Keyboard shortcuts

Press or to navigate between chapters

Press S or / to search in the book

Press ? to show this help

Press Esc to hide this help

PD-lite

PD-lite is NoKV’s control-plane service for distributed mode.
It exposes a gRPC API (pb.PD) and is started by:

go run ./cmd/nokv pd --addr 127.0.0.1:2379

1. Responsibilities

PD-lite currently owns:

  • Routing: GetRegionByKey
  • Heartbeats: StoreHeartbeat, RegionHeartbeat
  • Region removal: RemoveRegion
  • ID service: AllocID
  • TSO: Tso

Runtime clients (for example cmd/nokv-redis raft backend) use PD as the routing source of truth.


2. Runtime Architecture

flowchart LR
    Store["nokv serve"] -->|"StoreHeartbeat / RegionHeartbeat"| PD["PD-lite (gRPC)"]
    Gateway["nokv-redis (raft mode)"] -->|"GetRegionByKey / Tso"| PD
    PD --> Cluster["pd/core.Cluster"]
    Cluster --> Scheduler["leader-transfer hint planner"]

Core implementation units:

  • pd/core: in-memory cluster metadata model + allocators.
  • pd/storage: persistence abstraction (Store) with local manifest+state implementation.
  • pd/server: gRPC service + RPC validation/error mapping.
  • pd/client: client wrapper used by store/gateway.
  • pd/adapter: scheduler sink that forwards heartbeats into PD.

3. Persistence (--workdir)

When --workdir is provided, PD-lite persists control-plane state:

  • Region catalog via manifest edits.
  • Allocator checkpoints via PD_STATE.json:
    • id_current
    • ts_current

Startup flow:

  1. Open pd/storage with --workdir.
  2. Load snapshot (regions + allocator counters).
  3. Compute starts as max(cli_start, checkpoint+1).
  4. Replay region snapshot into pd/core.Cluster.

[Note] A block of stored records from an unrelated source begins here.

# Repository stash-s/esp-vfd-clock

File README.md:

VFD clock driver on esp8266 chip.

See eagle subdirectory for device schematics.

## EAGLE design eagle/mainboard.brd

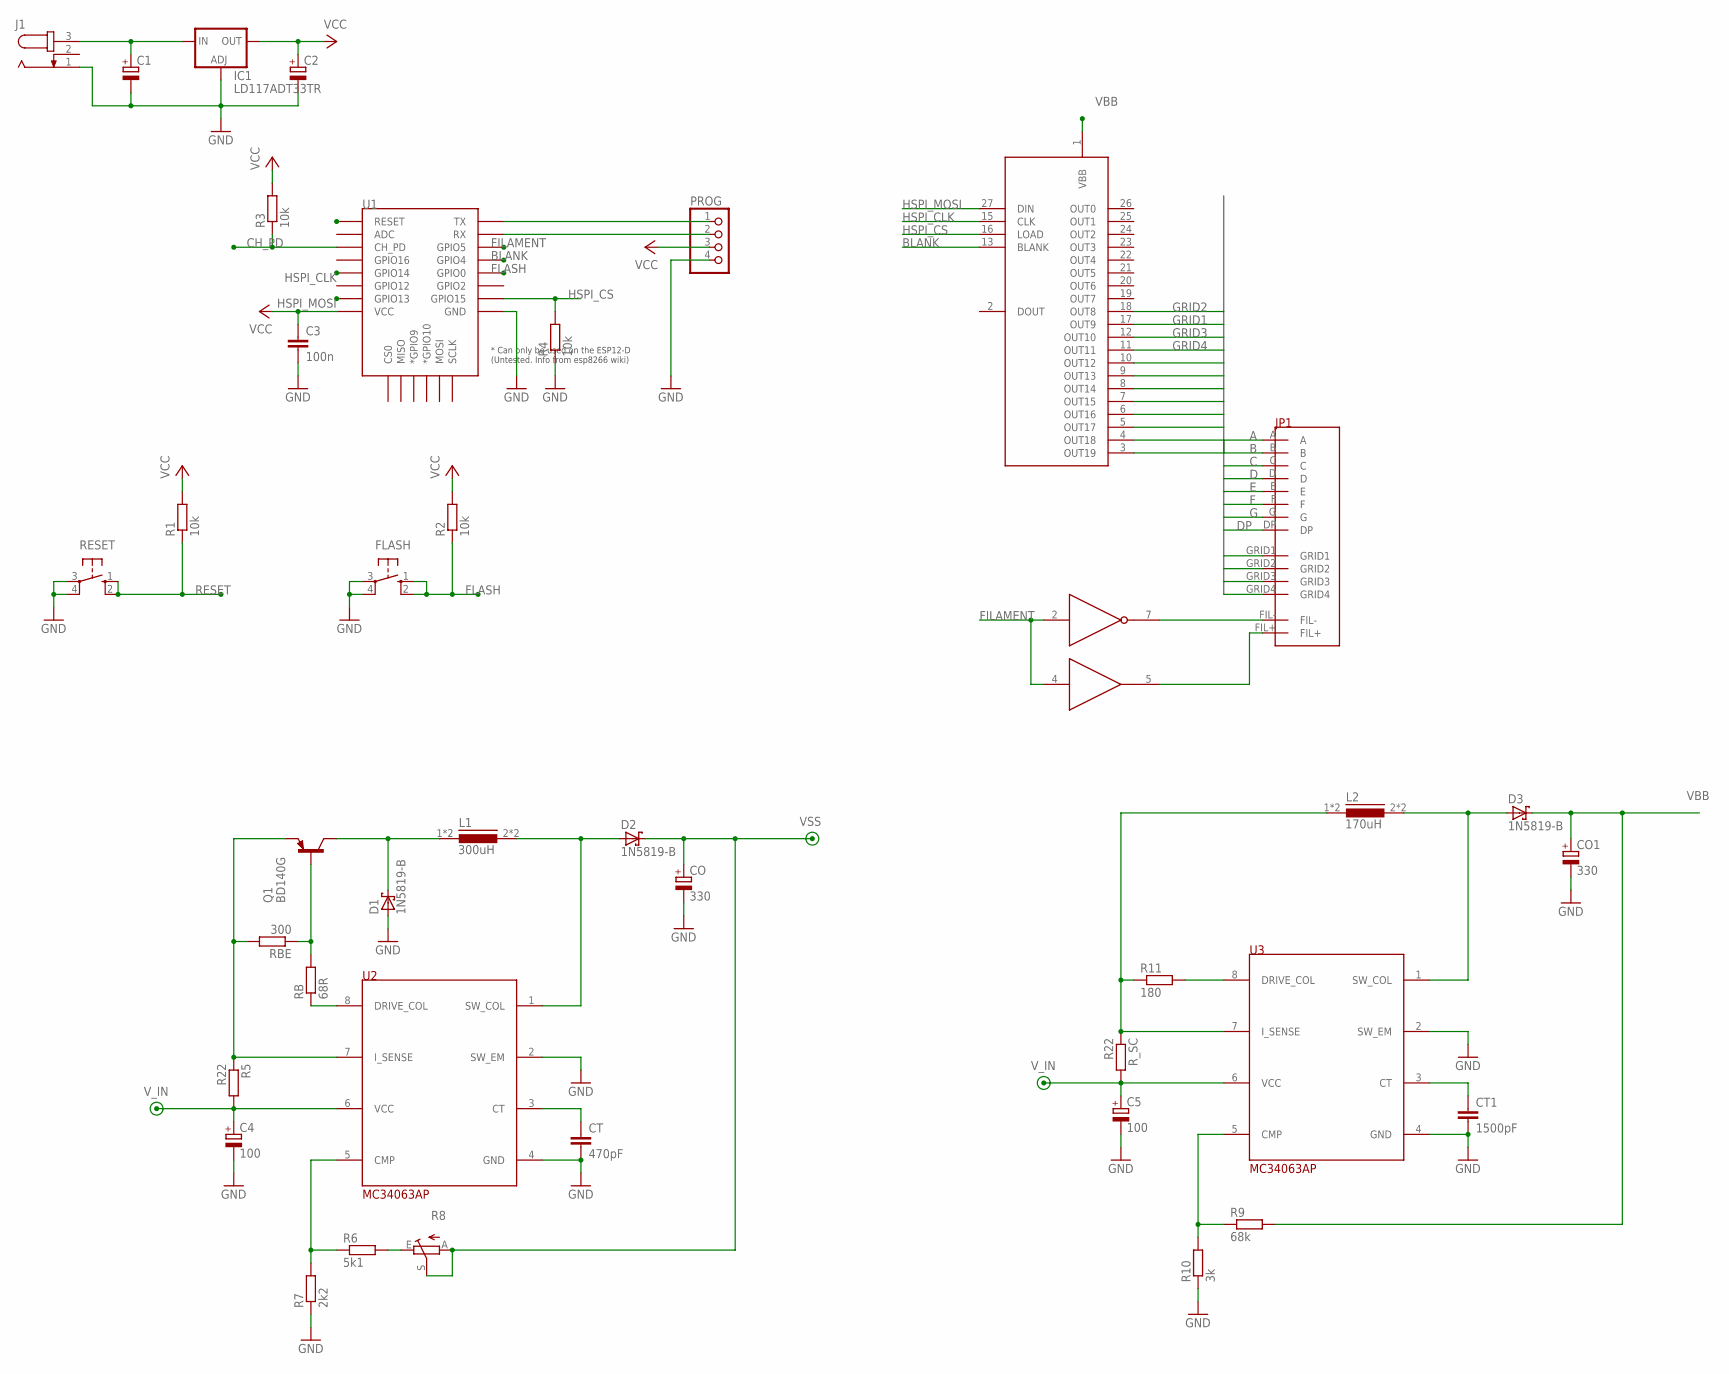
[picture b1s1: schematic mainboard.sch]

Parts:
C1, C2: CPOL-EUTT2D5L; TT2D5L
C3: 100n; C050-024X044
C4, C5: 100; TT2D5L
CO: 330; TT5D11R
CO1: 330; TT5D11L
CT: 470pF; C025-025X050
CT1: 1500pF; C025-025X050
D1, D2, D3: 1N5819-B; DO41-7.6
FLASH: 10-XX; B3F-10XX
IC1: LD117ADT33TR; DPACK
J1: JACK-PLUG0; SPC4077
JP1: PINHD-2X102X10-MALE; 2X10
L1: 300uH; TOROID
L2: 170uH; TOROID
PROG: PINHD-1X4/90; 1X04/90
Q1: BD140G; TO225AA
R1: 10k; 0207/12
R2, R4: 10k; 0204/7
R3: 10k; 0207/10
R5: R22; 0411/15
R6: 5k1; 0204/7
R7: 2k2; 0204/7
R8: TRIM_EU-S64W; S64W
R9: 68k; 0204/7
R10: 3k; 0204/7
R11: 180; 0204/7
RB: 68R; 0204/7
RBE: 300; 0204/7
RESET: 10-XX; B3F-10XX
R_SC: R22; 0411/15
U1: ESP12ESMD; ESP12E-SMD
U2, U3: MC34063AP; DIL8
U$1: MAX6921AWI; SOP28X
U$2: MAX628; DIL8

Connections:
A: JP1.A, U$1.10 (OUT12)
B: JP1.B, U$1.9 (OUT13)
BLANK: U1.GPIO4, U$1.13 (BLANK)
C: JP1.C, U$1.8 (OUT14)
CH_PD: R3.1, U1.CH_PD
D: JP1.D, U$1.7 (OUT15)
DP: JP1.DP, U$1.3 (OUT19)
E: JP1.E, U$1.6 (OUT16)
F: JP1.F, U$1.5 (OUT17)
FILAMENT: U1.GPIO5, U$2.2 (IN), U$2.4 (IN)
FLASH: FLASH.1 (S), FLASH.2 (S1), R2.1, U1.GPIO0
G: JP1.G, U$1.4 (OUT18)
GND: C1.-, C2.-, C3.2, C4.-, C5.-, CO.-, CO1.-, CT.2, CT1.2, D1.A, FLASH.3, FLASH.4 (P1), IC1.1 (ADJ), J1.1, PROG.4, R4.1, R7.1, R10.1, RESET.3, RESET.4 (P1), U1.GND, U2.2 (SW_EM), U2.4 (GND), U3.2 (SW_EM), U3.4 (GND), U$1.14 (GND), U$2.3 (GND)
GRID1: JP1.GRID1, U$1.17 (OUT9)
GRID2: JP1.GRID2, U$1.18 (OUT8)
GRID3: JP1.GRID3, U$1.12 (OUT10)
GRID4: JP1.GRID4, U$1.11 (OUT11)
HSPI_CLK: U1.GPIO14, U$1.15 (CLK)
HSPI_CS: R4.2, U1.GPIO15, U$1.16 (LOAD)
HSPI_MOSI: U1.GPIO13, U$1.27 (DIN)
unnamed: JP1.FIL-, U$2.7 (OUT)
unnamed: JP1.FIL+, U$2.5 (OUT)
unnamed: Q1.3 (B), RB.2, RBE.1
unnamed: RB.1, U2.8 (DRIVE_COL)
unnamed: Q1.1 (E), R5.1, RBE.2, U2.7 (I_SENSE)
unnamed: D2.A, L1.2, L1.2A (2), U2.1 (SW_COL)
unnamed: D1.C, L1.1, L1.1A (1), Q1.2 (C)
unnamed: CT.1, U2.3 (CT)
unnamed: R6.1, R7.2, U2.5 (CMP)
unnamed: R6.2, R8.E
unnamed: L2.1, L2.1A (1), R11.1, R_SC.1, U3.7 (I_SENSE)
unnamed: D3.A, L2.2, L2.2A (2), U3.1 (SW_COL)
unnamed: CT1.1, U3.3 (CT)
unnamed: R9.1, R10.2, U3.5 (CMP)
unnamed: R11.2, U3.8 (DRIVE_COL)
RESET: R1.1, RESET.1 (S), RESET.2 (S1), U1.RESET
RX: PROG.2, U1.RXD0 (RX)
TX: PROG.1, U1.TXD0 (TX)
VBB: CO1.+, D3.C, R9.2, U$1.1 (VBB)
VCC: C2.+, C3.1, IC1.4 (OUT), PROG.3, R1.2, R2.2, R3.2, U1.VCC, U$1.28 (VCC)
VSS: CO.+, D2.C, R8.A, R8.S, U$2.6 (VSS)
V_IN: C1.+, C4.+, C5.+, IC1.3 (IN), J1.3, R5.2, R_SC.2, U2.6 (VCC), U3.6 (VCC)

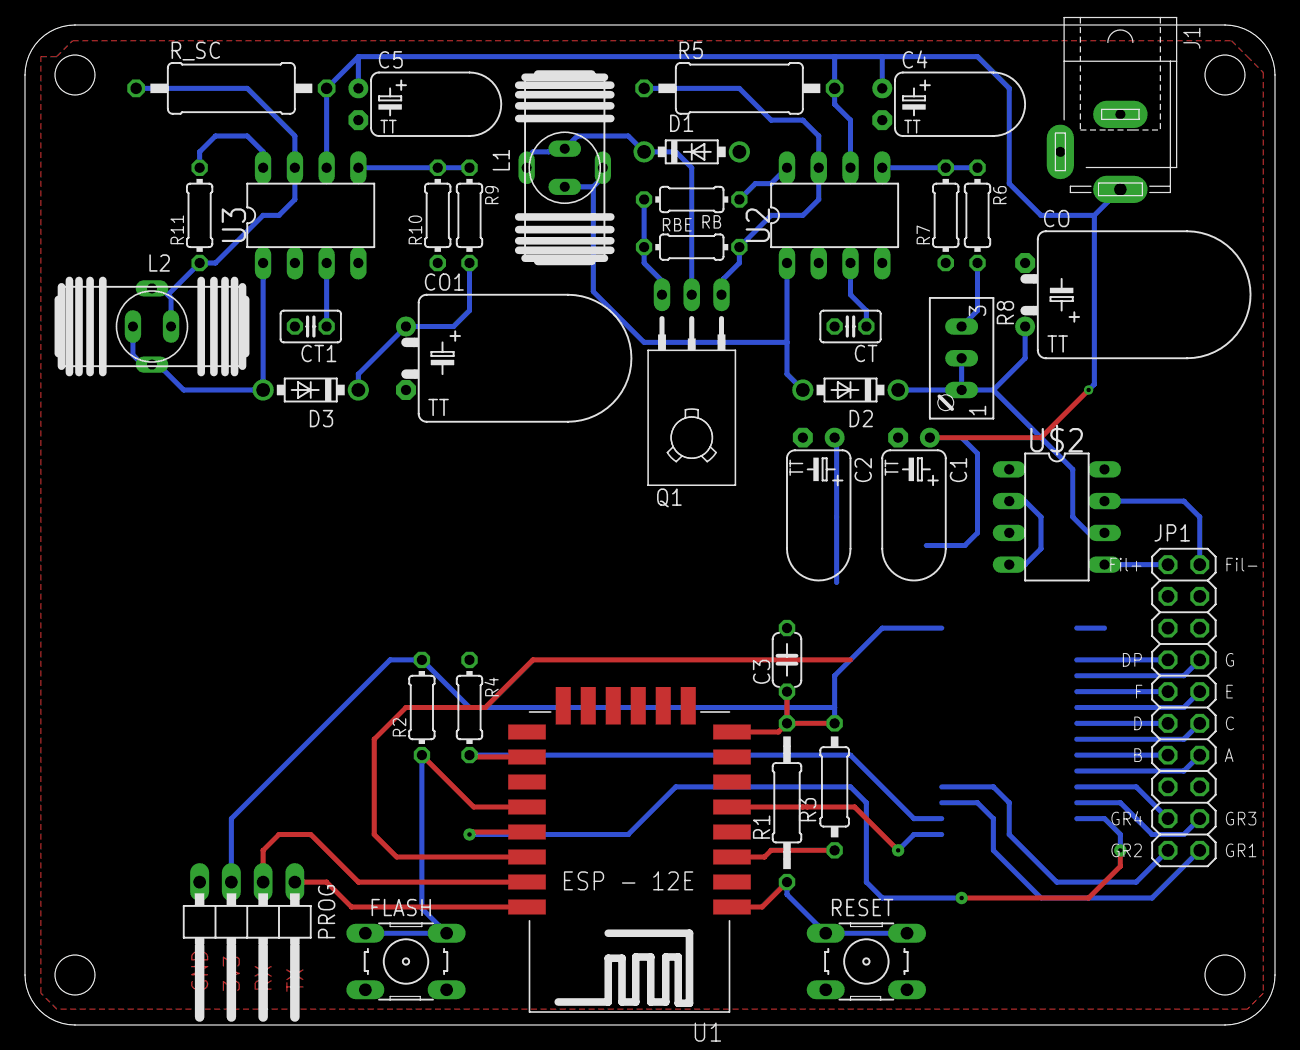
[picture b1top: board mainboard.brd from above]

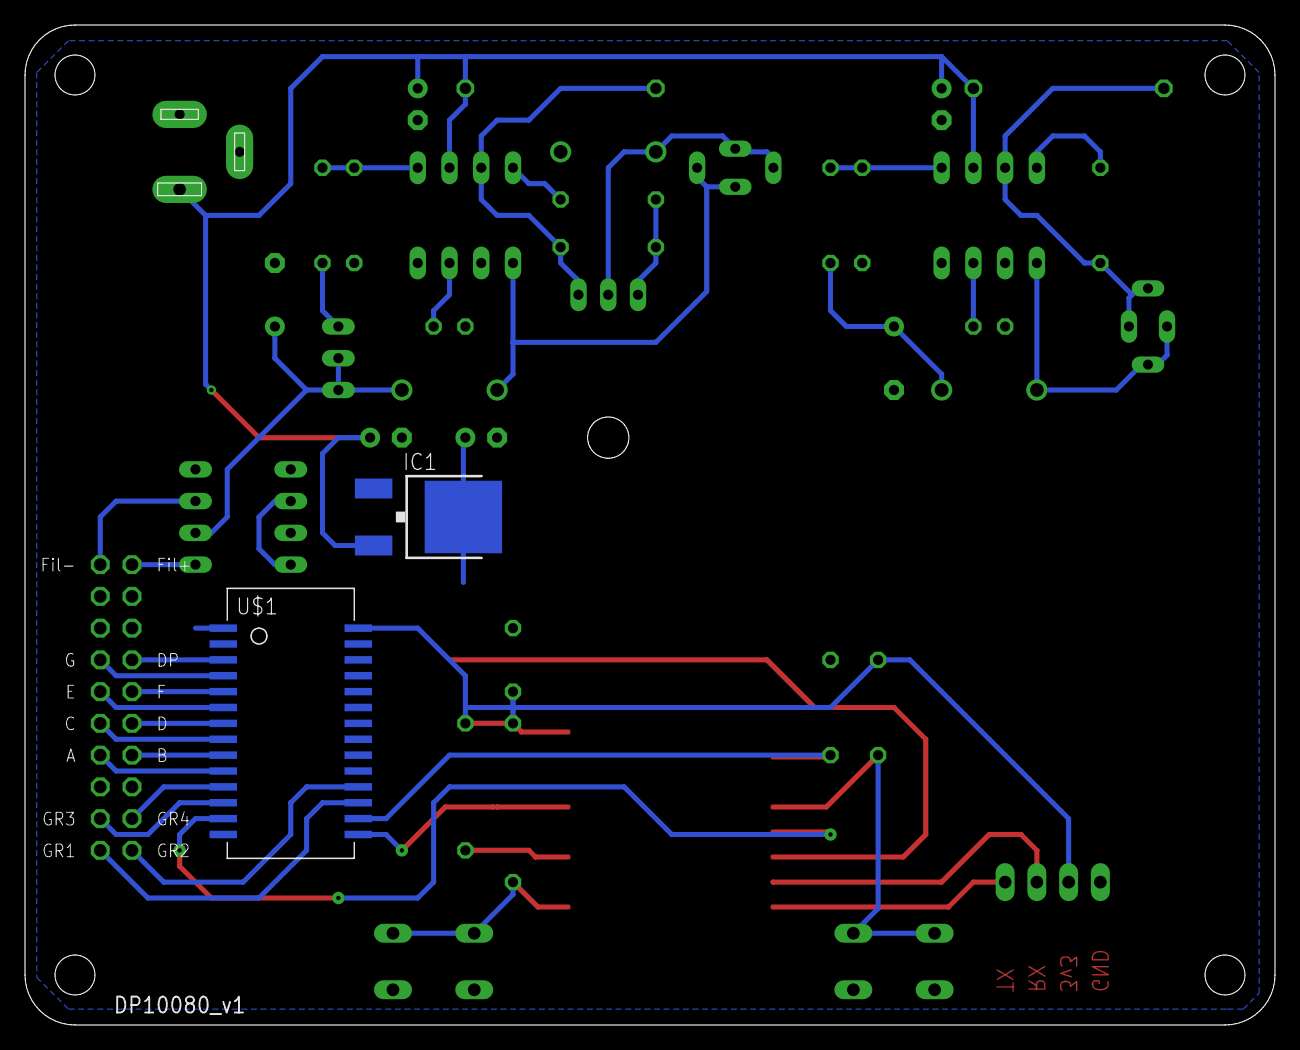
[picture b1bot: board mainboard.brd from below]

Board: 2 copper layers, 100.0 x 80.0 mm, 41 parts (2 on the bottom side), 42 nets.

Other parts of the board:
U$3: DP10080_V1

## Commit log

2018-01-06 Initial checkin of world's famous blinkey app.
2018-01-07 Added working SPI library.
2018-01-07 Moved SPI library to external dependency.
2018-01-08 Minor cleanup.
2018-01-08 Clock displays seconds and minutes. Ready for NTP!
2018-01-09 Working clock, getting time from NTP.
2018-01-11 Working clock with NTP support.
2018-02-11 Added eagle schemes and boards.
2018-02-12 Small documentation modification.
2018-04-01 Added light sensor support.
2018-05-11 Added vscode project
2018-05-11 Added vscode
2018-05-11 Removed compiler warning
2018-05-11 Set conding style to Google
2018-05-11 Set conding style
2018-10-28 Updated DST offset.
2022-11-16 Added workspace

This avoids allocator rollback after restart and keeps route metadata stable.


4. Config Integration

raft_config.json supports PD endpoint + workdir defaults:

"pd": {
  "addr": "127.0.0.1:2379",
  "docker_addr": "nokv-pd:2379",
  "work_dir": "./artifacts/cluster/pd",
  "docker_work_dir": "/var/lib/nokv-pd"
}

Resolution rules:

  • CLI override wins.
  • Otherwise read from config by scope (host / docker).

Helpers:

  • config.ResolvePDAddr(scope)
  • config.ResolvePDWorkDir(scope)
  • nokv-config pd --field addr|workdir --scope host|docker

5. Routing Source Convergence

NoKV now uses PD-first routing:

  • raftstore/client resolves regions with GetRegionByKey.
  • raft_config regions are bootstrap/deployment metadata.
  • Runtime route truth comes from PD heartbeats + PD region catalog.

This avoids dual sources drifting over time (config vs PD).


6. Serve Mode Semantics

nokv serve is now PD-only:

  • --pd-addr is required.
  • Runtime routing/scheduling control-plane state is sourced from PD.

Related CLI behavior:

  • Inspect control-plane state through PD APIs/metrics.

7. Comparison: TinyKV / TiKV

TinyKV (teaching stack)

  • Uses a scheduler server (tinyscheduler) as separate process.
  • Control plane integrates embedded etcd for metadata persistence.
  • Educational architecture, minimal production hardening.

TiKV (production stack)

  • PD is an independent, highly available cluster.
  • PD internally uses etcd Raft for durable metadata + leader election.
  • Rich scheduling and balancing policies, rolling updates, robust ops tooling.

NoKV PD-lite (current)

  • Single PD-lite process with optional local persistence (--workdir).
  • Sufficient for local clusters, testing, and architecture iteration.
  • API shape intentionally aligned with a PD-style control plane so migration to stronger HA semantics is incremental.

8. Current Limitations / Next Steps

  • No multi-PD quorum and no automatic PD failover.
  • Scheduler policy is intentionally small (leader transfer focused).
  • No advanced placement constraints yet.

These are deliberate scope limits for a fast-moving experimental platform.